**Provided entries**:
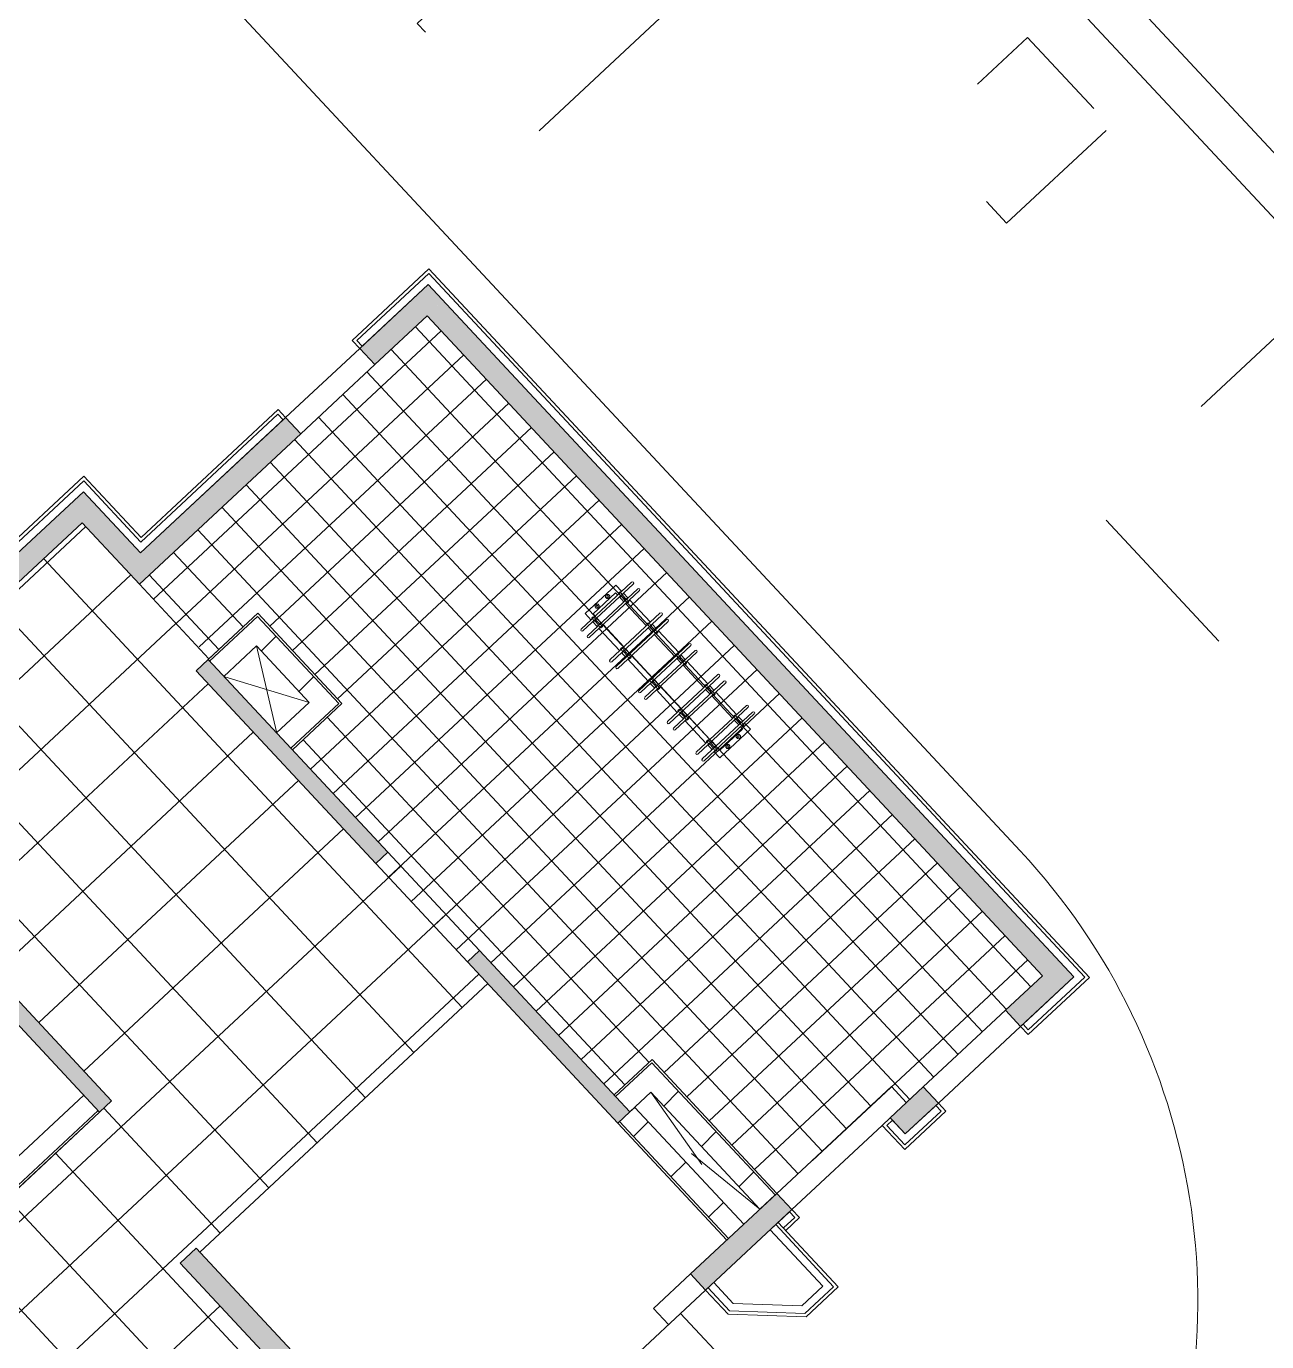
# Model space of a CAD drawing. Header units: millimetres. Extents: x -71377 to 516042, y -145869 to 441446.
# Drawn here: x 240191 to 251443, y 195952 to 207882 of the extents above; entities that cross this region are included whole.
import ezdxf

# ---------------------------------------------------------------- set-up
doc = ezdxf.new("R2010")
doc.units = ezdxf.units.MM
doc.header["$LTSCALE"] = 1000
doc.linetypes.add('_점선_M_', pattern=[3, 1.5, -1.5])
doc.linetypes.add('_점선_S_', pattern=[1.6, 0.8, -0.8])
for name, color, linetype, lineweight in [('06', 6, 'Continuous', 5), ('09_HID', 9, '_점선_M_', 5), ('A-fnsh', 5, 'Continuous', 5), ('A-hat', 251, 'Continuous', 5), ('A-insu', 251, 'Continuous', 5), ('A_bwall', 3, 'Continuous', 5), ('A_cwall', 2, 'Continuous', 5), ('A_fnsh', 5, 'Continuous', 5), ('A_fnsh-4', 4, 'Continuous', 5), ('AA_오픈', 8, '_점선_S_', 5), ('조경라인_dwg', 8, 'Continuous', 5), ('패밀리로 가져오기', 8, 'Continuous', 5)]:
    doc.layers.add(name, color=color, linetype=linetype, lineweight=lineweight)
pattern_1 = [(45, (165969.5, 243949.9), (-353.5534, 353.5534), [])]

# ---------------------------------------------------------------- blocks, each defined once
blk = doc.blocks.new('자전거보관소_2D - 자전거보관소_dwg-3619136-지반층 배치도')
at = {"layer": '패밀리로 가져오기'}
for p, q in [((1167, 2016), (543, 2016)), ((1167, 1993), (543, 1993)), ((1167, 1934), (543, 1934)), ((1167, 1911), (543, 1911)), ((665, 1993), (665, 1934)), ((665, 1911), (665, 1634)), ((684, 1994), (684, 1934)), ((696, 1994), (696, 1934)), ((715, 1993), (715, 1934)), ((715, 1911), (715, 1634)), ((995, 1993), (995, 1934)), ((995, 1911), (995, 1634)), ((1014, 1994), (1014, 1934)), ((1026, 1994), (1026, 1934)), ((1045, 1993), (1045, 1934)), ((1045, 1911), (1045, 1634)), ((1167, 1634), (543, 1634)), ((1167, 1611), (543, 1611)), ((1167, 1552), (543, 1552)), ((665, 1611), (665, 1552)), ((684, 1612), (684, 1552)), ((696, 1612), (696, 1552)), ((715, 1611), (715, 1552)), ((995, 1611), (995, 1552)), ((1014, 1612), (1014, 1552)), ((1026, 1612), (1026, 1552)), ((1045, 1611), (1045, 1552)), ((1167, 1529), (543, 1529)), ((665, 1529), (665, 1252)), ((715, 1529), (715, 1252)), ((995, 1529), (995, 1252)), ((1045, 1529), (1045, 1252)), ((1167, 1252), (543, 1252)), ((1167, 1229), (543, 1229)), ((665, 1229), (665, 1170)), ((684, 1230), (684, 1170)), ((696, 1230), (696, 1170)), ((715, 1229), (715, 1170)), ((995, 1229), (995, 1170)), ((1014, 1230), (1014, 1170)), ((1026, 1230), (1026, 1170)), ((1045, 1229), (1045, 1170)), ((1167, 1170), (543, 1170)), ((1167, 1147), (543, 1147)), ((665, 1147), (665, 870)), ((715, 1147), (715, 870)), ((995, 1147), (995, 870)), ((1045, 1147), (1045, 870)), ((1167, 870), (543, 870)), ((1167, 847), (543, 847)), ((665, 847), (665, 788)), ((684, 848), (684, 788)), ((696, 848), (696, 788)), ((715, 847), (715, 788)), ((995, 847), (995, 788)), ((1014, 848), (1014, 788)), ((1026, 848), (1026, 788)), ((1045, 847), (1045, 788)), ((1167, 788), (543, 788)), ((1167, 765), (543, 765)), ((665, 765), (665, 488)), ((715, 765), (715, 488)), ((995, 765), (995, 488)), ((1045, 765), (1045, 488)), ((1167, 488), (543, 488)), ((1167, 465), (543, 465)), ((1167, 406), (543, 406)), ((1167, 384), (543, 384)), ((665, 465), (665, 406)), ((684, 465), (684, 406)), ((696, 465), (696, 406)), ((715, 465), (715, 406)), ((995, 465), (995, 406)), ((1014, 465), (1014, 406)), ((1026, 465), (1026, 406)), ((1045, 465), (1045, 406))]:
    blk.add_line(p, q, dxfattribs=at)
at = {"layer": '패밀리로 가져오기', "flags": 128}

**Work required**: If a line of the data holds the string "color", list it.

**Answer area**:
for name, color, linetype, lineweight in [('06', 6, 'Continuous', 5), ('09_HID', 9, '_점선_M_', 5), ('A-fnsh', 5, 'Continuous', 5), ('A-hat', 251, 'Continuous', 5), ('A-insu', 251, 'Continuous', 5), ('A_bwall', 3, 'Continuous', 5), ('A_cwall', 2, 'Continuous', 5), ('A_fnsh', 5, 'Continuous', 5), ('A_fnsh-4', 4, 'Continuous', 5), ('AA_오픈', 8, '_점선_S_', 5), ('조경라인_dwg', 8, 'Continuous', 5), ('패밀리로 가져오기', 8, 'Continuous', 5)]:
    doc.layers.add(name, color=color, linetype=linetype, lineweight=lineweight)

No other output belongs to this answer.